HOW TO COMPLETE THIS TASK: Word for word, reproduce every record in the listing below.

INFORMATION SUPPLIED:

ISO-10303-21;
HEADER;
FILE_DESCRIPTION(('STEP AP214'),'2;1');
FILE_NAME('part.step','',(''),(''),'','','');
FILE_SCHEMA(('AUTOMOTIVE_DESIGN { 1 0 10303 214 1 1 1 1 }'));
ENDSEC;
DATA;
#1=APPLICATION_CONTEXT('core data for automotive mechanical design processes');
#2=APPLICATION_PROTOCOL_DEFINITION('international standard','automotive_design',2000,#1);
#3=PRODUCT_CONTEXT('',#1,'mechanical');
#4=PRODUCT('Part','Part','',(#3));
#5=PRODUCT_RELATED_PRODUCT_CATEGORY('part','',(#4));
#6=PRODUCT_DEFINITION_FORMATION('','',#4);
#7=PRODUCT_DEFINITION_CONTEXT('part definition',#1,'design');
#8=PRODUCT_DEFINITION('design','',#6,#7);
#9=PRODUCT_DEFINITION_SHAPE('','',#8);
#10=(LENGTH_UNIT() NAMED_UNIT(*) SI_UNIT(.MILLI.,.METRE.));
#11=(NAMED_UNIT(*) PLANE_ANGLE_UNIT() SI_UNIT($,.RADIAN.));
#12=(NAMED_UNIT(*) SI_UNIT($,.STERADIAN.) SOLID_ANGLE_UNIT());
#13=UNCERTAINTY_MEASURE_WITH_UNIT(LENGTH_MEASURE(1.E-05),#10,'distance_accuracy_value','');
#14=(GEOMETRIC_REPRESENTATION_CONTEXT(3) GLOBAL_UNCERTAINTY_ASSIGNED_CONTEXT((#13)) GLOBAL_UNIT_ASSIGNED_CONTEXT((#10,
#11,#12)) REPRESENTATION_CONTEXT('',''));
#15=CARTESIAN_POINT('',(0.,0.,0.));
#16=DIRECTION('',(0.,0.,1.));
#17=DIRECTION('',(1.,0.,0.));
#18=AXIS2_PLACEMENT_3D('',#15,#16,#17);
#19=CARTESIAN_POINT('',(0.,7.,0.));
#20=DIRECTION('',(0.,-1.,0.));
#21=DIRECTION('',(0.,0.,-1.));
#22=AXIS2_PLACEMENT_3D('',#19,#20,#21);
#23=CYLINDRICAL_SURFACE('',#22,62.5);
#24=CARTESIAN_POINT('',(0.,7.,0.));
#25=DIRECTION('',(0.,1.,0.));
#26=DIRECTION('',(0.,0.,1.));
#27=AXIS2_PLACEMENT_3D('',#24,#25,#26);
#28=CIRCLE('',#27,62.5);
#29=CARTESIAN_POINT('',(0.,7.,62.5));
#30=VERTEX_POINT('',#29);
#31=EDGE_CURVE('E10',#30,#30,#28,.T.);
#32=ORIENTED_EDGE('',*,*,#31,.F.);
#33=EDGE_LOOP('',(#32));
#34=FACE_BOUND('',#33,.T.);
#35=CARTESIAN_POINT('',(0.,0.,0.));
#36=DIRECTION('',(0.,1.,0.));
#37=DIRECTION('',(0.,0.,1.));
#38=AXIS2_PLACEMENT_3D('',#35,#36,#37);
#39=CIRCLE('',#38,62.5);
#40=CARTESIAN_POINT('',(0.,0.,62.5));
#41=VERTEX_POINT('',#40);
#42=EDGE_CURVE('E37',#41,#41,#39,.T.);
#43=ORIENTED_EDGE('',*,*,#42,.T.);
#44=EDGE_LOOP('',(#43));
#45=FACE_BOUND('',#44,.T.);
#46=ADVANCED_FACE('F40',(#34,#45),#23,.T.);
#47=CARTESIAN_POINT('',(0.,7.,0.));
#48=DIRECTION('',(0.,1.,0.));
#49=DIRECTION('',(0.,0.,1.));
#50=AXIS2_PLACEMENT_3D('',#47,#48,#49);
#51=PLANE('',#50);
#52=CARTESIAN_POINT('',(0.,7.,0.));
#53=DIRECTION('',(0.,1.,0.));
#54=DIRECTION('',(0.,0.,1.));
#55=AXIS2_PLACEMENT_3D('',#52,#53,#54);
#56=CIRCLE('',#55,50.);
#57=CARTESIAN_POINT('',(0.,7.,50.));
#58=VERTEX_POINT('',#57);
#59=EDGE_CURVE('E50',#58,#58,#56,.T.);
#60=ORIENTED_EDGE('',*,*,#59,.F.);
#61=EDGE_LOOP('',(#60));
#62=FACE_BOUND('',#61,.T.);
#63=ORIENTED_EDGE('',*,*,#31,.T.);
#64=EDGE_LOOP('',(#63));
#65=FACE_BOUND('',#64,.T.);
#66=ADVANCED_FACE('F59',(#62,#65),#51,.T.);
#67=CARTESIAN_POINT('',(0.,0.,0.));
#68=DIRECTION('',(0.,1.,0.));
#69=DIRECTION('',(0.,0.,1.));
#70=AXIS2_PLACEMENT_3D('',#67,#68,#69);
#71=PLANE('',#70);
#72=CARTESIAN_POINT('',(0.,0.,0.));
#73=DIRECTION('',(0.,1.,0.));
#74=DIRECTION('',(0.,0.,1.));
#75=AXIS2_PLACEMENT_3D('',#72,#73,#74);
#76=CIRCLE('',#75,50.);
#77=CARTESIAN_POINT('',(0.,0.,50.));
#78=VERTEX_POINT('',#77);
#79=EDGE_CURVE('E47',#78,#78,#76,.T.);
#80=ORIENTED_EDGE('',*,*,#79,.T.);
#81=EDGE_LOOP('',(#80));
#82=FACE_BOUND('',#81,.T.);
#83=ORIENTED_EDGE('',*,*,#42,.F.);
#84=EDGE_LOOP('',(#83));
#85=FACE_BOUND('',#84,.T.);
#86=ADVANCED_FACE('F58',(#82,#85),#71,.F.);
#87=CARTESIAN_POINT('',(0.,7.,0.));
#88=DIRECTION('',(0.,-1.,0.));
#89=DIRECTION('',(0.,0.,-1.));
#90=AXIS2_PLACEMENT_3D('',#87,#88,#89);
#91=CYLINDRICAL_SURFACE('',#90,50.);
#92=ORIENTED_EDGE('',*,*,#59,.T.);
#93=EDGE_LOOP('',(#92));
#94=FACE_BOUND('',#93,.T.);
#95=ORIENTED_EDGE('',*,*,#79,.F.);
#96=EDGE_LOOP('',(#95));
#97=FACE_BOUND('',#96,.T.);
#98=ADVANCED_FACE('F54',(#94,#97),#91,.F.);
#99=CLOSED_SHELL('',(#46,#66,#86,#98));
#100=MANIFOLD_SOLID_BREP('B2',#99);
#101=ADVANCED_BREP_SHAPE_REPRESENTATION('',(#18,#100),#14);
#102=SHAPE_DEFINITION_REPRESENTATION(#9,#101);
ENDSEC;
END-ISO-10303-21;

EXERCISE ANSWER:
ISO-10303-21;
HEADER;
FILE_DESCRIPTION(('STEP AP214'),'2;1');
FILE_NAME('part.step','',(''),(''),'','','');
FILE_SCHEMA(('AUTOMOTIVE_DESIGN { 1 0 10303 214 1 1 1 1 }'));
ENDSEC;
DATA;
#1=APPLICATION_CONTEXT('core data for automotive mechanical design processes');
#2=APPLICATION_PROTOCOL_DEFINITION('international standard','automotive_design',2000,#1);
#3=PRODUCT_CONTEXT('',#1,'mechanical');
#4=PRODUCT('Part','Part','',(#3));
#5=PRODUCT_RELATED_PRODUCT_CATEGORY('part','',(#4));
#6=PRODUCT_DEFINITION_FORMATION('','',#4);
#7=PRODUCT_DEFINITION_CONTEXT('part definition',#1,'design');
#8=PRODUCT_DEFINITION('design','',#6,#7);
#9=PRODUCT_DEFINITION_SHAPE('','',#8);
#10=(LENGTH_UNIT() NAMED_UNIT(*) SI_UNIT(.MILLI.,.METRE.));
#11=(NAMED_UNIT(*) PLANE_ANGLE_UNIT() SI_UNIT($,.RADIAN.));
#12=(NAMED_UNIT(*) SI_UNIT($,.STERADIAN.) SOLID_ANGLE_UNIT());
#13=UNCERTAINTY_MEASURE_WITH_UNIT(LENGTH_MEASURE(1.E-05),#10,'distance_accuracy_value','');
#14=(GEOMETRIC_REPRESENTATION_CONTEXT(3) GLOBAL_UNCERTAINTY_ASSIGNED_CONTEXT((#13)) GLOBAL_UNIT_ASSIGNED_CONTEXT((#10,
#11,#12)) REPRESENTATION_CONTEXT('',''));
#15=CARTESIAN_POINT('',(0.,0.,0.));
#16=DIRECTION('',(0.,0.,1.));
#17=DIRECTION('',(1.,0.,0.));
#18=AXIS2_PLACEMENT_3D('',#15,#16,#17);
#19=CARTESIAN_POINT('',(0.,7.,0.));
#20=DIRECTION('',(0.,-1.,0.));
#21=DIRECTION('',(0.,0.,-1.));
#22=AXIS2_PLACEMENT_3D('',#19,#20,#21);
#23=CYLINDRICAL_SURFACE('',#22,62.5);
#24=CARTESIAN_POINT('',(0.,7.,0.));
#25=DIRECTION('',(0.,1.,0.));
#26=DIRECTION('',(0.,0.,1.));
#27=AXIS2_PLACEMENT_3D('',#24,#25,#26);
#28=CIRCLE('',#27,62.5);
#29=CARTESIAN_POINT('',(0.,7.,62.5));
#30=VERTEX_POINT('',#29);
#31=EDGE_CURVE('E10',#30,#30,#28,.T.);
#32=ORIENTED_EDGE('',*,*,#31,.F.);
#33=EDGE_LOOP('',(#32));
#34=FACE_BOUND('',#33,.T.);
#35=CARTESIAN_POINT('',(0.,0.,0.));
#36=DIRECTION('',(0.,1.,0.));
#37=DIRECTION('',(0.,0.,1.));
#38=AXIS2_PLACEMENT_3D('',#35,#36,#37);
#39=CIRCLE('',#38,62.5);
#40=CARTESIAN_POINT('',(0.,0.,62.5));
#41=VERTEX_POINT('',#40);
#42=EDGE_CURVE('E37',#41,#41,#39,.T.);
#43=ORIENTED_EDGE('',*,*,#42,.T.);
#44=EDGE_LOOP('',(#43));
#45=FACE_BOUND('',#44,.T.);
#46=ADVANCED_FACE('F40',(#34,#45),#23,.T.);
#47=CARTESIAN_POINT('',(0.,7.,0.));
#48=DIRECTION('',(0.,1.,0.));
#49=DIRECTION('',(0.,0.,1.));
#50=AXIS2_PLACEMENT_3D('',#47,#48,#49);
#51=PLANE('',#50);
#52=CARTESIAN_POINT('',(0.,7.,0.));
#53=DIRECTION('',(0.,1.,0.));
#54=DIRECTION('',(0.,0.,1.));
#55=AXIS2_PLACEMENT_3D('',#52,#53,#54);
#56=CIRCLE('',#55,50.);
#57=CARTESIAN_POINT('',(0.,7.,50.));
#58=VERTEX_POINT('',#57);
#59=EDGE_CURVE('E50',#58,#58,#56,.T.);
#60=ORIENTED_EDGE('',*,*,#59,.F.);
#61=EDGE_LOOP('',(#60));
#62=FACE_BOUND('',#61,.T.);
#63=ORIENTED_EDGE('',*,*,#31,.T.);
#64=EDGE_LOOP('',(#63));
#65=FACE_BOUND('',#64,.T.);
#66=ADVANCED_FACE('F59',(#62,#65),#51,.T.);
#67=CARTESIAN_POINT('',(0.,0.,0.));
#68=DIRECTION('',(0.,1.,0.));
#69=DIRECTION('',(0.,0.,1.));
#70=AXIS2_PLACEMENT_3D('',#67,#68,#69);
#71=PLANE('',#70);
#72=CARTESIAN_POINT('',(0.,0.,0.));
#73=DIRECTION('',(0.,1.,0.));
#74=DIRECTION('',(0.,0.,1.));
#75=AXIS2_PLACEMENT_3D('',#72,#73,#74);
#76=CIRCLE('',#75,50.);
#77=CARTESIAN_POINT('',(0.,0.,50.));
#78=VERTEX_POINT('',#77);
#79=EDGE_CURVE('E47',#78,#78,#76,.T.);
#80=ORIENTED_EDGE('',*,*,#79,.T.);
#81=EDGE_LOOP('',(#80));
#82=FACE_BOUND('',#81,.T.);
#83=ORIENTED_EDGE('',*,*,#42,.F.);
#84=EDGE_LOOP('',(#83));
#85=FACE_BOUND('',#84,.T.);
#86=ADVANCED_FACE('F58',(#82,#85),#71,.F.);
#87=CARTESIAN_POINT('',(0.,7.,0.));
#88=DIRECTION('',(0.,-1.,0.));
#89=DIRECTION('',(0.,0.,-1.));
#90=AXIS2_PLACEMENT_3D('',#87,#88,#89);
#91=CYLINDRICAL_SURFACE('',#90,50.);
#92=ORIENTED_EDGE('',*,*,#59,.T.);
#93=EDGE_LOOP('',(#92));
#94=FACE_BOUND('',#93,.T.);
#95=ORIENTED_EDGE('',*,*,#79,.F.);
#96=EDGE_LOOP('',(#95));
#97=FACE_BOUND('',#96,.T.);
#98=ADVANCED_FACE('F54',(#94,#97),#91,.F.);
#99=CLOSED_SHELL('',(#46,#66,#86,#98));
#100=MANIFOLD_SOLID_BREP('B2',#99);
#101=ADVANCED_BREP_SHAPE_REPRESENTATION('',(#18,#100),#14);
#102=SHAPE_DEFINITION_REPRESENTATION(#9,#101);
ENDSEC;
END-ISO-10303-21;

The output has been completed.